Items from a dataset:

□ □ □ □ □ □ □

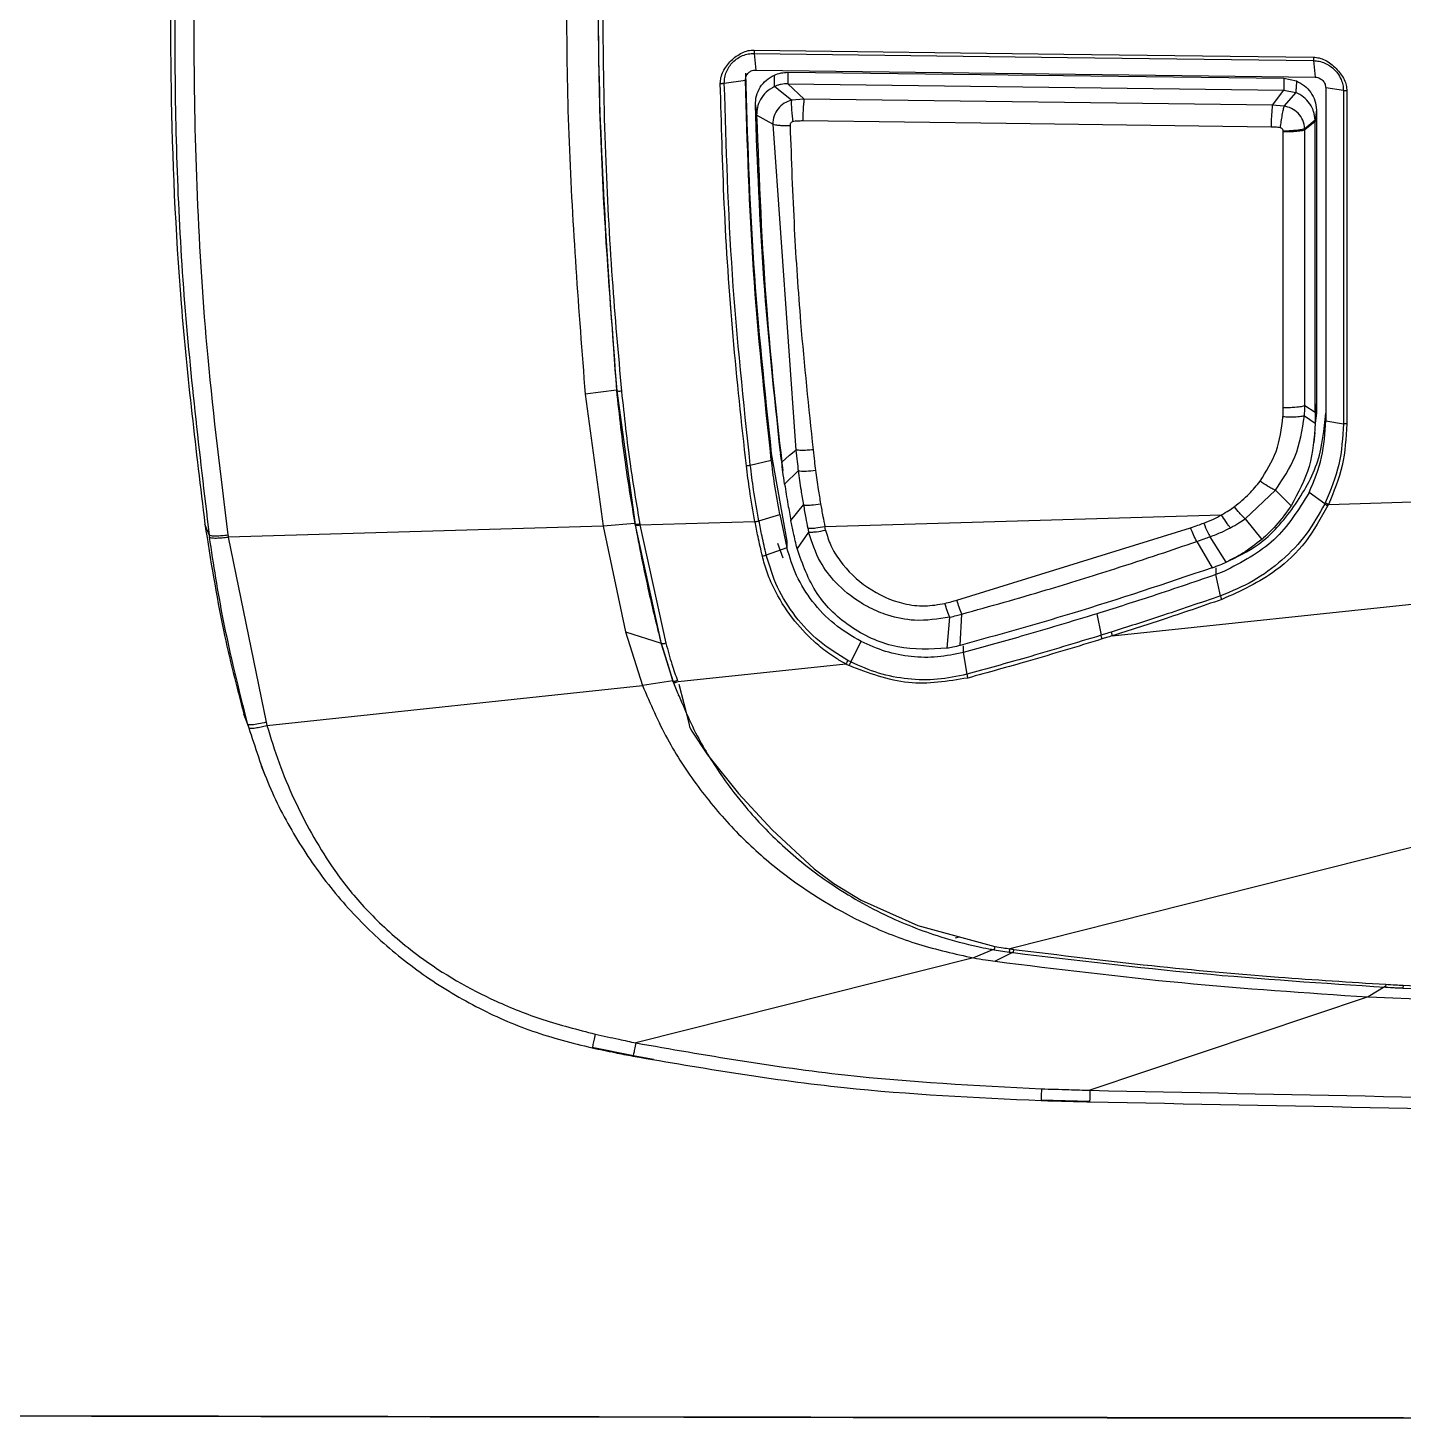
# Model space of a CAD drawing. Extents: x 398 to 508, y 623 to 782.
# Drawn here: x 447.617 to 450.245, y 644.014 to 646.677 of the extents above; entities that cross this region are included whole.
import ezdxf

# ---------------------------------------------------------------- set-up
doc = ezdxf.new("R2010")
doc.units = 0
doc.header["$MEASUREMENT"] = 0
doc.layers.add('GEOMETRY', color=2, linetype='Continuous', lineweight=25)

msp = doc.modelspace()

# ---------------------------------------------------------------- linework, layer by layer
at = {"layer": 'GEOMETRY'}
for p, q in [((449.0047, 646.6285), (449.0081, 646.5969)), ((450.0737, 646.6214), (450.0736, 646.6189)), ((450.0736, 646.6148), (450.077, 646.5832)), ((448.9477, 646.5718), (448.9881, 646.5776)), ((449.0081, 646.5969), (450.077, 646.5832)), ((449.0693, 646.5925), (449.0693, 646.5708)), ((449.0693, 646.5925), (450.017, 646.5811)), ((450.017, 646.5811), (450.017, 646.5586)), ((450.017, 646.5811), (450.0411, 646.576)), ((449.0693, 646.5708), (449.1001, 646.541)), ((449.0693, 646.5708), (450.017, 646.5586)), ((449.9951, 646.5295), (450.017, 646.5586)), ((450.017, 646.5586), (450.0398, 646.554)), ((450.0398, 646.554), (450.0172, 646.5281)), ((450.1307, 646.5575), (450.097, 646.5627)), ((450.1307, 646.5574), (450.1308, 645.9211)), ((450.1372, 646.557), (450.1372, 645.9206)), ((449.007, 646.5299), (449.0094, 646.5106)), ((449.1001, 646.541), (449.0759, 646.5394)), ((449.9952, 646.5295), (449.1001, 646.541)), ((450.0172, 646.5281), (449.9952, 646.5295)), ((449.0403, 646.4933), (449.0094, 646.5106)), ((450.077, 646.501), (450.0571, 646.4847)), ((450.077, 646.4985), (450.0572, 646.4824)), ((450.0795, 646.5211), (450.077, 646.5011)), ((450.0795, 646.5184), (450.077, 646.4985)), ((450.077, 646.501), (450.077, 646.4985)), ((450.0795, 646.5184), (450.0794, 645.9619)), ((449.0403, 646.4933), (449.0843, 645.8709)), ((450.0157, 646.4784), (450.0157, 646.4801)), ((450.0157, 645.9516), (450.0157, 646.4784)), ((450.0572, 646.4824), (450.0571, 646.4847)), ((450.0572, 645.9556), (450.0572, 646.4823)), ((448.7416, 645.9852), (448.6818, 645.9775)), ((448.6818, 645.9775), (448.7163, 645.7257)), ((448.7422, 645.9837), (448.7416, 645.9852)), ((448.7422, 645.9837), (448.7773, 645.7289)), ((450.0564, 645.9363), (450.077, 645.9219)), ((450.077, 645.9425), (450.0572, 645.9556)), ((450.0794, 645.9619), (450.077, 645.9425)), ((450.077, 645.9425), (450.077, 645.9219)), ((450.0794, 645.9412), (450.077, 645.9219)), ((450.0794, 645.9619), (450.0794, 645.9412)), ((450.097, 645.9267), (450.1307, 645.9211)), ((450.0747, 645.885), (450.0771, 645.9043)), ((449.0375, 645.8644), (449.0672, 645.6966)), ((449.0375, 645.8518), (449.0375, 645.8644)), ((449.055, 645.8663), (449.0574, 645.8478)), ((449.057, 645.8506), (449.0553, 645.8637)), ((448.9974, 645.842), (449.0374, 645.8518)), ((449.057, 645.8506), (449.0593, 645.832)), ((449.063, 645.8059), (449.089, 645.8314)), ((449.943, 645.7396), (450.0008, 645.7943)), ((450.0008, 645.7943), (450.0308, 645.7643)), ((450.0951, 645.768), (450.0652, 645.7896)), ((449.075, 645.7362), (449.0989, 645.7659)), ((450.096, 645.7699), (450.0951, 645.768)), ((450.3455, 645.7736), (450.1021, 645.7664)), ((447.9631, 645.709), (447.9551, 645.7294)), ((448.7163, 645.7257), (447.9996, 645.7046)), ((448.7768, 645.7304), (448.7163, 645.7257)), ((448.7163, 645.7257), (448.759, 645.5235)), ((448.7773, 645.7289), (448.7768, 645.7304)), ((448.7776, 645.7274), (448.8273, 645.5006)), ((448.7865, 645.7277), (449.0063, 645.7342)), ((448.7865, 645.7277), (448.8361, 645.5016)), ((449.0139, 645.7353), (449.0536, 645.7478)), ((449.0536, 645.7478), (449.0672, 645.6843)), ((449.1398, 645.7247), (449.8979, 645.747)), ((449.1413, 645.7176), (449.1398, 645.7247)), ((449.943, 645.7396), (449.9748, 645.7002)), ((447.9996, 645.7045), (448.0721, 645.3508)), ((449.0672, 645.6966), (449.0672, 645.6843)), ((449.1088, 645.7141), (449.0867, 645.6825)), ((449.3923, 645.5839), (449.8388, 645.7223)), ((449.907, 645.6568), (449.8761, 645.7052)), ((449.0672, 645.6843), (449.0278, 645.6702)), ((449.0496, 645.6927), (449.0593, 645.665)), ((449.8504, 645.6962), (449.88, 645.6459)), ((449.8869, 645.6459), (449.8869, 645.6328)), ((449.9024, 645.6386), (449.8869, 645.6328)), ((449.8962, 645.5923), (449.8869, 645.6328)), ((449.689, 645.516), (450.3863, 645.5899)), ((449.3733, 645.4921), (449.3784, 645.5513)), ((449.3987, 645.4975), (449.4018, 645.5575)), ((449.6594, 645.5579), (449.6676, 645.517)), ((448.759, 645.5235), (448.7914, 645.4208)), ((448.759, 645.5235), (448.8267, 645.5021)), ((448.8267, 645.5021), (448.8273, 645.5006)), ((448.8267, 645.5021), (448.8491, 645.43)), ((448.8273, 645.5006), (448.8443, 645.4459)), ((449.1895, 645.466), (449.2093, 645.5048)), ((449.4042, 645.4965), (449.4042, 645.4841)), ((449.4042, 645.4841), (449.4111, 645.4425)), ((449.1801, 645.462), (448.8594, 645.428)), ((449.1895, 645.466), (449.1838, 645.469)), ((448.8491, 645.43), (448.7914, 645.4208)), ((448.8443, 645.4459), (448.8496, 645.4286)), ((448.8496, 645.4286), (448.8491, 645.43)), ((448.0737, 645.3447), (448.7914, 645.4208)), ((448.8594, 645.4029), (448.8601, 645.4013)), ((448.0293, 645.3661), (448.0392, 645.3403)), ((448.0371, 645.3467), (448.0293, 645.3661)), ((448.0626, 645.2673), (448.0703, 645.2482)), ((450.7374, 645.2313), (449.493, 644.918)), ((449.3892, 644.9392), (449.3964, 644.941)), ((449.4239, 644.9006), (448.7787, 644.7381)), ((449.4633, 644.9172), (449.4239, 644.9006)), ((449.4634, 644.9161), (449.4921, 644.9116)), ((449.4983, 644.9111), (449.4653, 644.894)), ((449.4921, 644.9119), (449.4997, 644.9109)), ((449.4997, 644.9106), (449.4996, 644.9109)), ((450.2108, 644.8457), (450.1781, 644.8259)), ((450.2113, 644.8449), (450.2445, 644.8431)), ((450.1781, 644.8259), (449.6465, 644.6476)), ((450.1781, 644.8259), (450.5923, 644.8101)), ((450.2444, 644.8429), (450.5927, 644.8306)), ((448.695, 644.7301), (448.7739, 644.714)), ((448.7735, 644.7141), (448.8121, 644.7072)), ((449.5532, 644.6291), (449.6458, 644.6268))]:
    msp.add_line(p, q, dxfattribs=at)
at = {"layer": 'GEOMETRY', "flags": 128}
for points in [[(449.0045, 646.6351), (449.5963, 646.6275), (450.0737, 646.6214)], [(449.0047, 646.6285), (449.6033, 646.6208), (450.0736, 646.6148)], [(449.0759, 646.5394), (449.0579, 646.5539), (449.0438, 646.5653)], [(449.9927, 646.488), (449.486, 646.4945), (449.0977, 646.4995)], [(449.0574, 645.8478), (449.0724, 645.8608), (449.0843, 645.8709)], [(450.102, 645.7665), (450.1015, 645.7654), (450.1011, 645.7646)], [(448.7863, 645.7292), (448.7864, 645.7284), (448.7865, 645.7277)], [(448.8606, 645.4235), (448.8799, 645.3495), (448.8807, 645.3449), (448.881, 645.3426), (448.8811, 645.3423), (448.8811, 645.3422), (448.8811, 645.3421), (448.8811, 645.3421), (448.8811, 645.3421), (448.8811, 645.3421), (448.8811, 645.3421), (448.8811, 645.3421), (448.8811, 645.342), (448.8812, 645.3418), (448.8817, 645.3408), (448.8857, 645.334), (448.9154, 645.2888), (448.9747, 645.2144), (449.0389, 645.145), (449.1191, 645.0705), (449.1568, 645.0427), (449.2091, 645.0111), (449.3175, 644.9622), (449.4647, 644.9226)]]:
    msp.add_lwpolyline(points, dxfattribs=at)
at = {"layer": 'GEOMETRY'}
for points, knots in [([(447.9551, 647.6233), (447.9344, 647.4451), (447.8934, 647.0935), (447.8853, 646.6011), (447.9044, 646.1473), (447.9381, 645.8697), (447.9551, 645.7294)], [0, 0, 0, 0, 0.283158, 0.558604, 0.776831, 1, 1, 1, 1]), ([(447.9631, 647.6008), (447.9444, 647.4437), (447.907, 647.1295), (447.8929, 646.6549), (447.907, 646.1803), (447.9444, 645.8662), (447.9631, 645.7091)], [0, 0, 0, 0, 0.2500072, 0.5000022, 0.7499948, 1, 1, 1, 1]), ([(447.999, 647.5906), (447.985, 647.4779), (447.9583, 647.2628), (447.9385, 646.9487), (447.9319, 646.6499), (447.9385, 646.351), (447.9582, 646.0368), (447.985, 645.8215), (447.999, 645.7087)], [0, 0, 0, 0, 0.180491, 0.34435, 0.499891, 0.655456, 0.819386, 1, 1, 1, 1]), ([(448.6818, 647.4225), (448.6695, 647.2627), (448.6447, 646.942), (448.6447, 646.4591), (448.6695, 646.1379), (448.6818, 645.9775)], [0, 0, 0, 0, 0.332135, 0.666616, 1, 1, 1, 1]), ([(448.7416, 647.4189), (448.7308, 647.2847), (448.7094, 647.0172), (448.7017, 646.5383), (448.7264, 646.1951), (448.7416, 645.9852)], [0, 0, 0, 0, 0.281226, 0.560483, 1, 1, 1, 1]), ([(448.7422, 647.4172), (448.7299, 647.2581), (448.7053, 646.9399), (448.7053, 646.4608), (448.7299, 646.1427), (448.7422, 645.9837)], [0, 0, 0, 0, 0.333334, 0.666667, 1, 1, 1, 1]), ([(448.7512, 647.415), (448.745, 647.3455), (448.7318, 647.1972), (448.7191, 646.9601), (448.7139, 646.7036), (448.7188, 646.4461), (448.7314, 646.2058), (448.7448, 646.0546), (448.7512, 645.9832)], [0, 0, 0, 0, 0.146057, 0.3114009, 0.4965656, 0.6825266, 0.8500558, 1, 1, 1, 1]), ([(448.94, 646.5712), (448.9403, 646.575), (448.9407, 646.5829), (448.9469, 646.5984), (448.9598, 646.6157), (448.9773, 646.6284), (448.9928, 646.6345), (449.0007, 646.6349), (449.0045, 646.6351)], [0, 0, 0, 0, 0.11386, 0.239628, 0.500834, 0.761657, 0.886813, 1, 1, 1, 1]), ([(449.0045, 646.6351), (449.0045, 646.635), (449.0045, 646.6348), (449.0045, 646.6347), (449.0045, 646.6346)], [0, 0, 0, 0, 0.5589683, 1, 1, 1, 1]), ([(449.0045, 646.6346), (449.0045, 646.634), (449.0045, 646.6328), (449.0045, 646.6312), (449.0046, 646.6297), (449.0047, 646.6289), (449.0047, 646.6285)], [0, 0, 0, 0, 0.248635, 0.50106, 0.752941, 1, 1, 1, 1]), ([(448.9477, 646.5718), (448.9478, 646.5755), (448.9481, 646.583), (448.9525, 646.5973), (448.9629, 646.6133), (448.979, 646.6236), (448.9934, 646.6281), (449.0009, 646.6283), (449.0047, 646.6285)], [0, 0, 0, 0, 0.124756, 0.249932, 0.499562, 0.749515, 0.875311, 1, 1, 1, 1]), ([(450.0736, 646.6189), (450.0736, 646.6178), (450.0736, 646.6165), (450.0736, 646.6153), (450.0736, 646.6149), (450.0736, 646.6148)], [0, 0, 0, 0, 0.676095, 0.881648, 1, 1, 1, 1]), ([(450.0736, 646.6148), (450.0773, 646.6145), (450.0847, 646.614), (450.0989, 646.6092), (450.1109, 646.6011), (450.1207, 646.5897), (450.1263, 646.58), (450.1302, 646.5685), (450.1305, 646.5612), (450.1307, 646.5574)], [0, 0, 0, 0, 0.123372, 0.248974, 0.501224, 0.594725, 0.753295, 0.874184, 1, 1, 1, 1]), ([(450.0737, 646.6214), (450.0774, 646.6211), (450.085, 646.6204), (450.1005, 646.6143), (450.1175, 646.6006), (450.1308, 646.5834), (450.1366, 646.568), (450.137, 646.5606), (450.1372, 646.557)], [0, 0, 0, 0, 0.11374, 0.231957, 0.502357, 0.771351, 0.888162, 1, 1, 1, 1]), ([(448.9881, 646.5776), (448.9883, 646.5801), (448.9887, 646.584), (448.9912, 646.5886), (448.9943, 646.5923), (448.9984, 646.5951), (449.0034, 646.5968), (449.0064, 646.5969), (449.0081, 646.5969)], [0, 0, 0, 0, 0.2378516, 0.3642133, 0.4955218, 0.7058158, 0.8425073, 1, 1, 1, 1]), ([(448.9881, 646.5908), (448.9917, 646.4695), (448.999, 646.2269), (449.0247, 645.9852), (449.0375, 645.8644)], [0, 0, 0, 0, 0.4999936, 1, 1, 1, 1]), ([(449.007, 646.5299), (449.0073, 646.5359), (449.008, 646.548), (449.0157, 646.5645), (449.0274, 646.5785), (449.038, 646.5843), (449.0433, 646.5872)], [0, 0, 0, 0, 0.249886, 0.499657, 0.749331, 1, 1, 1, 1]), ([(449.0433, 646.5872), (449.0475, 646.5888), (449.0559, 646.592), (449.0649, 646.5923), (449.0693, 646.5925)], [0, 0, 0, 0, 0.500553, 1, 1, 1, 1]), ([(449.0438, 646.5653), (449.0438, 646.5666), (449.0436, 646.5701), (449.0436, 646.5761), (449.0435, 646.5822), (449.0433, 646.5858), (449.0433, 646.5872)], [0, 0, 0, 0, 0.171422, 0.4933914, 0.8110052, 1, 1, 1, 1]), ([(450.0411, 646.576), (450.0411, 646.5746), (450.0409, 646.5709), (450.0405, 646.5649), (450.04, 646.5589), (450.0399, 646.5553), (450.0398, 646.554)], [0, 0, 0, 0, 0.185685, 0.503389, 0.82467, 1, 1, 1, 1]), ([(450.0411, 646.576), (450.0464, 646.5732), (450.0569, 646.5677), (450.0688, 646.5544), (450.0772, 646.5386), (450.0787, 646.5269), (450.0795, 646.5211)], [0, 0, 0, 0, 0.2499558, 0.4997591, 0.7493947, 1, 1, 1, 1]), ([(450.077, 646.5832), (450.0786, 646.5831), (450.0817, 646.5827), (450.0866, 646.5807), (450.0908, 646.5776), (450.0939, 646.5737), (450.0963, 646.569), (450.0967, 646.5652), (450.097, 646.5627)], [0, 0, 0, 0, 0.157969, 0.295639, 0.509403, 0.640318, 0.765712, 1, 1, 1, 1]), ([(448.94, 646.5712), (448.9407, 646.5713), (448.9421, 646.5713), (448.9442, 646.5714), (448.9461, 646.5716), (448.9472, 646.5717), (448.9477, 646.5718)], [0, 0, 0, 0, 0.247233, 0.499935, 0.752672, 1, 1, 1, 1]), ([(448.9898, 645.8408), (448.9808, 645.923), (448.9627, 646.0894), (448.9464, 646.3331), (448.9421, 646.4944), (448.94, 646.5712)], [0, 0, 0, 0, 0.33891, 0.685351, 1, 1, 1, 1]), ([(448.9974, 645.842), (448.9845, 645.9633), (448.9587, 646.2059), (448.9513, 646.4498), (448.9477, 646.5718)], [0, 0, 0, 0, 0.499978, 1, 1, 1, 1]), ([(449.0438, 646.5653), (449.0382, 646.5621), (449.0274, 646.5559), (449.0164, 646.5414), (449.0101, 646.526), (449.0096, 646.5156), (449.0094, 646.5106)], [0, 0, 0, 0, 0.278669, 0.541097, 0.782299, 1, 1, 1, 1]), ([(449.0693, 646.5708), (449.0649, 646.5706), (449.0603, 646.5703), (449.0539, 646.5689), (449.0496, 646.5678), (449.0458, 646.5662), (449.0438, 646.5653)], [0, 0, 0, 0, 0.500162, 0.526629, 0.75029, 1, 1, 1, 1]), ([(450.077, 646.501), (450.0763, 646.5067), (450.0753, 646.5144), (450.071, 646.525), (450.0654, 646.5348), (450.0551, 646.5461), (450.0449, 646.5514), (450.0398, 646.554)], [0, 0, 0, 0, 0.249722, 0.340129, 0.499894, 0.74949, 1, 1, 1, 1]), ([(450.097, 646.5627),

□ □ □ □ □ □ □

**What the exercise asks**. Say only how many lines above contain "dxfattribs", with no other words.

**Result for this exercise**. 2